When people pick on you for being yourself you never truely believe that you can be yourself. But Wellington, I was myself, I embraced myself. My loud laugh, annoying screams and in your face passion for business. I tried to connect with everyone and anyone.
The "hello my name's Rebecca, do you want to be friends" line that didn't work so well 8 years ago at Junior High became my best friend. Everyone was in the same boat. Everyone was nervous and majority of the people I talked too made everything so much easier.
Now being sucked away from it all - locked down in my house. Back in my old room that doesn't even feel like mine anymore. Dreaming about Capital. Missing the waterfront. Wishing I could puff up the Dixon Steps one more time. It feels like possibly that month I just experienced. The month of amazing memories, with people I didn't even know existed - was a dream. Maybe I made it up. It feels surreal that all of that could have happened in a month.
The cardboard stash, drunken nights to town, lectures, tutorials, all nighters, 6am chats, a different spot in the corridor overtaken with giggles every night, the singing, movie nights, Priscilla, Interfloor touch. Floor 5 in general. The people. The food. The RA's.
I miss it. I miss everyone and I miss Wellington.
This isn't how it is meant to be.
I was meant to fly to Wellington and not comeback for a long time. I was meant to be starting my new life. One with new people, in a new city, in a new building. This isn't how it is meant to be. But I guess it's not how it's meant to be for anyone. Jobs are being sucked away, supermarkets are now scary. There are no cars on the roads. No people out and about. And New Zealand is still. The world is still.

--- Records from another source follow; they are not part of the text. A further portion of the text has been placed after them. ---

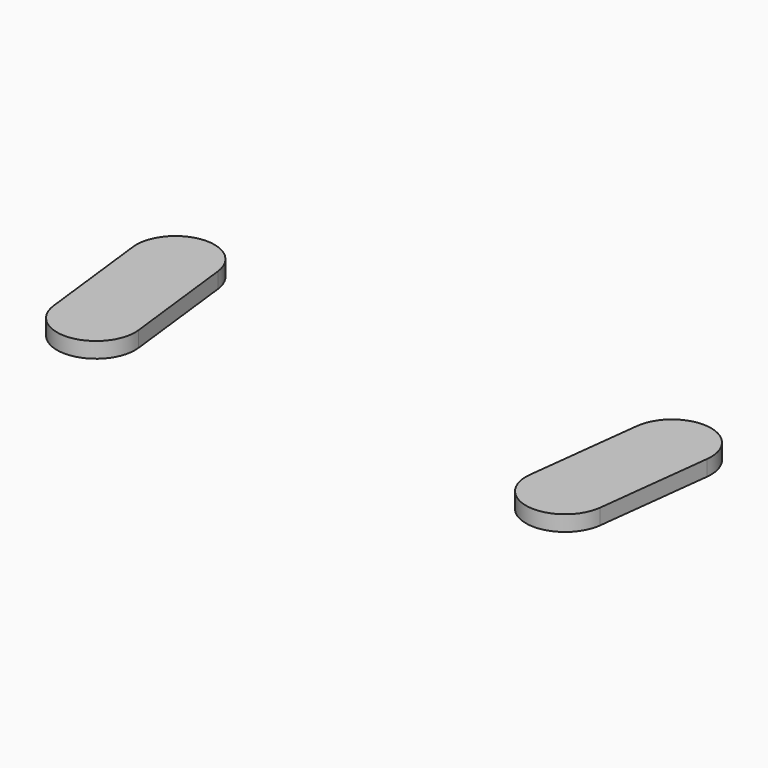
from build123d import *

# Parameters (mm, degrees)
F1_DEPTH = 2


# Not quite as in the source:
# - the program builds the solid bodies; features that only make, move or delete a surface that nothing else refers to are left out


with BuildPart() as f1:
    # F0 (on Top) → F1 (new body)
    with BuildSketch(Plane.XY):
        with BuildLine():
            Line((-36.7307308238, 32.6093674274), (-26.8, 33.7843505361))
            ThreePointArc((-26.8, 33.7843505361), (-32.3528569662, 38.1622243937), (-36.7307308238, 32.6093674274))
        make_face()
        Polygon((-25.037525337, 18.8882543005), (-26.8, 33.7843505361), (-36.7307308238, 32.6093674274), (-34.9682561607, 17.7132711918), align=None)
        with BuildLine():
            ThreePointArc((-34.9682561607, 17.7132711918), (-29.4153991945, 13.3353973342), (-25.037525337, 18.8882543005))
            Line((-25.037525337, 18.8882543005), (-34.9682561607, 17.7132711918))
        make_face()
    extrude(amount=F1_DEPTH)


with BuildPart() as f1b:
    # F0 (on Top) → F1, piece 2 (new body)
    with BuildSketch(Plane.XY):
        with BuildLine():
            Line((34.9682561607, 17.7132711918), (25.037525337, 18.8882543005))
            ThreePointArc((25.037525337, 18.8882543005), (29.4153991945, 13.3353973342), (34.9682561607, 17.7132711918))
        make_face()
        Polygon((36.7307308238, 32.6093674274), (26.8, 33.7843505361), (25.037525337, 18.8882543005), (34.9682561607, 17.7132711918), align=None)
        with BuildLine():
            ThreePointArc((36.7307308238, 32.6093674274), (32.3528569662, 38.1622243937), (26.8, 33.7843505361))
            Line((26.8, 33.7843505361), (36.7307308238, 32.6093674274))
        make_face()
    extrude(amount=F1_DEPTH)


solid = Compound([f1.part, f1b.part])
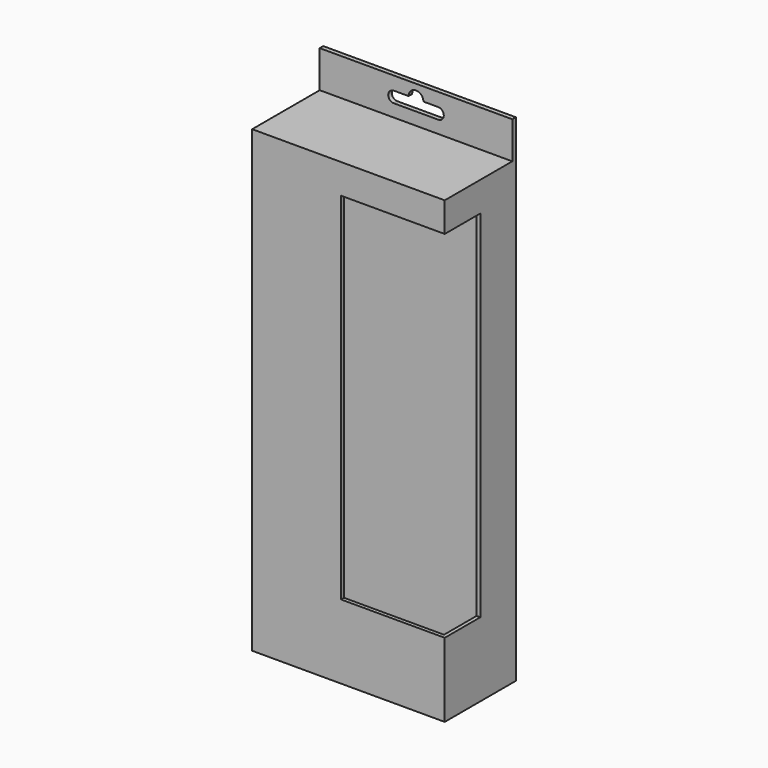
from build123d import *

# Parameters (mm, degrees)
F0_W      = 130
F0_H      = 310
F1_DEPTH  = 60
F3_DEPTH  = 30
F4_T      = -2.5
F5_W      = 130
F5_H      = 3
F6_DEPTH  = 25
F10_DEPTH = 3.001
F11_DEPTH = 25
F12_DEPTH = 3.001


# Not quite as in the source:
# - a feature of the source that left no trace in its solid (it failed there, or was rolled back) is left out


with BuildPart() as f1:
    # F0 (on Front) → F1 (new body)
    with BuildSketch(Plane.XZ):
        with Locations((-65, 155)):
            Rectangle(F0_W, F0_H)
    extrude(amount=F1_DEPTH)

    # F2 (on face) → F3 (cut)
    with BuildSketch(Plane.XZ.offset(60)):
        Polygon((0, 50), (0, 290), (-70, 290), (-70, 50), (-48.1321327388, 50), align=None)
    extrude(amount=-F3_DEPTH, mode=Mode.SUBTRACT)

    # F4
    f4_openings = [f1.faces().sort_by_distance(p)[0] for p in [
        (-35, -45, 50),
        (-70, -45, 170),
        (-35, -30, 170),
        (-35, -45, 290),
    ]]
    offset(amount=F4_T, openings=f4_openings)

    # F5 (on face) → F6 (join)
    with BuildSketch(Plane.XY.offset(310)):
        with Locations((-65, -1.5)):
            Rectangle(F5_W, F5_H)
    extrude(amount=F6_DEPTH)

    # F9 (on face) → F10 (cut, through all)
    with BuildSketch(Plane.XZ.offset(3)):
        with BuildLine():
            Line((-50, 326), (-60, 326))
            ThreePointArc((-60, 326), (-65, 331), (-70, 326))
            Line((-70, 326), (-80, 326))
            ThreePointArc((-80, 326), (-83.75, 322.25), (-80, 318.5))
            Line((-80, 318.5), (-50, 318.5))
            ThreePointArc((-50, 318.5), (-46.25, 322.25), (-50, 326))
        make_face()
    extrude(amount=-F10_DEPTH, mode=Mode.SUBTRACT)

    # F5 (on face) → F11 (join)
    with BuildSketch(Plane.XY.offset(310)):
        with Locations((-65, -1.5)):
            Rectangle(F5_W, F5_H)
    extrude(amount=F11_DEPTH)

    # F9 (on face) → F12 (cut, through all)
    with BuildSketch(Plane.XZ.offset(3)):
        with BuildLine():
            Line((-50, 326), (-60, 326))
            ThreePointArc((-60, 326), (-65, 331), (-70, 326))
            Line((-70, 326), (-80, 326))
            ThreePointArc((-80, 326), (-83.75, 322.25), (-80, 318.5))
            Line((-80, 318.5), (-50, 318.5))
            ThreePointArc((-50, 318.5), (-46.25, 322.25), (-50, 326))
        make_face()
    extrude(amount=-F12_DEPTH, mode=Mode.SUBTRACT)


solid = f1.part

But isn't it the perfect time to work on ourselves? For the majority - We are stuck inside with internet and devices. We are stuck inside with ourselves and able bodies. We have the opportunity to build on our goals. Work on our businesses. Catch up on readings. Start a youtube channel. Get our dream bodies and there really is only one thing that could hold us back right now. US. OUR WILLPOWER. What we feel like doing and how we want to spend our time is completely up to us. It sounds so easy typing that out. And my brain is trying to make the most of all the time I have with myself.
But... It's hard. When you don't know how long this is going to take.
When really you are sad.
You are okay. And coping. But sad.
I don't like this. And I am not okay. This isn't how it is meant to be.
When I was in Welly I appreciated it all.
Walking home from Uni with my headphones blasting some Mitch James. The sun on my face and warming up my skin. No clouds in the sky and a gorgeous view of the water in the distance. It was the best feeling. Knowing I was finally where I had wanted to be after so long and so much hurting.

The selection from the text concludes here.